Task goal |
From the top of the entries, reproduce each line exactly, stopping after the line that contains "Author: jmha0". Omit pictures.

Supplied entries |
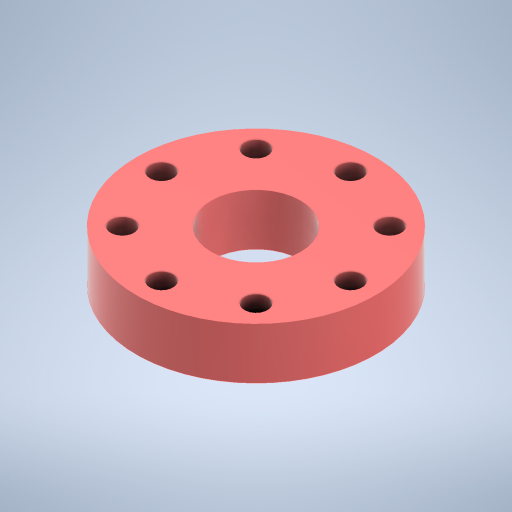
# Autodesk Inventor part: long_horn1
Saved by Autodesk Inventor 2024 (Build 280153000, 153)
## iProperties
Created: 2024-09-08
Part Number: long_horn1
Material: PMMA 플라스틱
Document SubType Name: Modeling
Designer: jmha0
Density: 1.188 g/cm^3
Appearance: 매끄러움 - 빨간색
Author: jmha0
Autodesk Inventor part; units mm, degrees
ref_plane "YZ Plane" through (0, 0, 0) normal (1, 0, 0) x (0, 1, 0)
ref_plane "XZ Plane" through (0, 0, 0) normal (0, 1, 0) x (-1, 0, 0)
ref_plane "XY Plane" through (0, 0, 0) normal (0, 0, 1) x (1, 0, 0)
sketch "스케치1" plane through (0, 0, 0) normal (0, 1, 0) x (-1, 0, 0)
  circle A0 centre (13.7314, -40.8752) radius 1.55
  circle A1 centre (29.2877, -40.8752) radius 1.55
  circle A2 centre (29.2877, -25.3189) radius 1.55
  circle A3 centre (13.7314, -25.3189) radius 1.55
  circle A4 centre (21.5095, -33.0971) radius 13.9
  circle A5 centre (21.5095, -22.0971) radius 1.55
  circle A6 centre (32.5095, -33.0971) radius 1.55
  circle A7 centre (21.5095, -44.0971) radius 1.55
  circle A8 centre (10.5095, -33.0971) radius 1.55
  circle A9 centre (21.5095, -33.0971) radius 5.2
  circle A10 centre (29.2877, -40.8752) radius 1.35
  circle A11 centre (21.5095, -44.0971) radius 1.35
  circle A12 centre (13.7314, -40.8752) radius 1.35
  circle A13 centre (10.5095, -33.0971) radius 1.35
  circle A14 centre (13.7314, -25.3189) radius 1.35
  circle A15 centre (21.5095, -22.0971) radius 1.35
  circle A16 centre (29.2877, -25.3189) radius 1.35
  circle A17 centre (32.5095, -33.0971) radius 1.35
  point P0 (0, 0)
  point P1 (21.5095, -33.0971)
  dimension "d3" = 2.7
  dimension "d4" = 2.7
  dimension "d5" = 2.7
  dimension "d6" = 2.7
  dimension "d7" = 2.7
  dimension "d8" = 2.7
  dimension "d9" = 2.7
  dimension "d10" = 2.7
  constraints: 18 centre point, 8 coincident
  measures "d3" diameter of A10
  measures "d4" diameter of A11
  measures "d5" diameter of A12
  measures "d6" diameter of A13
  measures "d7" diameter of A14
  measures "d8" diameter of A15
  measures "d9" diameter of A16
  measures "d10" diameter of A17
extrude "돌출1" add sketch "스케치1" along normal blind 6 contours A0 | A1 | A2 | A3 | A4 | A5 | A6 | A7 | A8
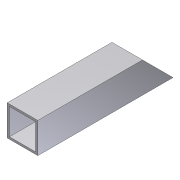
# Autodesk Inventor part: FE-00001-01
Saved by Autodesk Inventor 2012 (Build 160160000, 160)
## iProperties
Created: 2008-05-14
Part Number: FE-00001-01
Document SubType Name: Modeling
Designer: narosenberg
Density: 1 g/cm^3
Mass: 91.5371 g
Surface Area: 589.267 cm^2
Volume: 91.5371 cm^3
Description: Connector Tube
Material: Default
Author: narosenberg
Autodesk Inventor part; units mm, degrees
ref_plane "YZ Plane" through (0, 0, 0) normal (1, 0, 0) x (0, 1, 0)
ref_plane "XZ Plane" through (0, 0, 0) normal (0, 1, 0) x (-1, 0, 0)
ref_plane "XY Plane" through (0, 0, 0) normal (0, 0, 1) x (1, 0, 0)
sketch "Sketch1" plane through (0, 0, 0) normal (0, 0, 1) x (1, 0, 0)
  line L0 (-30.5992, 26.7179) -> (13.8508, 26.7179)
  line L1 (13.8508, 26.7179) -> (13.8508, -17.7321)
  line L2 (13.8508, -17.7321) -> (-30.5992, -17.7321)
  line L3 (-30.5992, -17.7321) -> (-30.5992, 26.7179)
  dimension "d0" = 44.45
  dimension "d1" = 44.45
  constraints: 8 end point, 2 parallel, 1 horizontal, 1 perpendicular
  measures "d0" distance of L0.end L1.end
  measures "d1" distance of L1.end L2.end
extrude "Extrusion1" add sketch "Sketch1" along normal blind 196.85
shell "Shell1" thickness 3.175 removed faces 2 at (-15.7825, -2.9154, 0) at (-15.7825, -2.9154, 196.85)
sketch "Sketch2" plane through (13.8508, -17.7321, 0) normal (1, 0, 0) x (0, 0, -1)
  line L0 (0, 0) -> (-196.85, 0) projected
  line L1 (0, 44.45) -> (0, 0) projected
  line L2 (0, 44.45) -> (-196.85, 44.45) projected
  line L3 (0, 0) -> (-44.45, 44.45)
  dimension "d5" = 45
  constraints: 2 end point, 1 point on line
  measures "d5" angle of L0 L3
extrude "Extrusion2" cut sketch "Sketch2" against normal through all
body "Solid1"

Answer space |
# Autodesk Inventor part: long_horn1
Saved by Autodesk Inventor 2024 (Build 280153000, 153)
## iProperties
Created: 2024-09-08
Part Number: long_horn1
Material: PMMA 플라스틱
Document SubType Name: Modeling
Designer: jmha0
Density: 1.188 g/cm^3
Appearance: 매끄러움 - 빨간색
Author: jmha0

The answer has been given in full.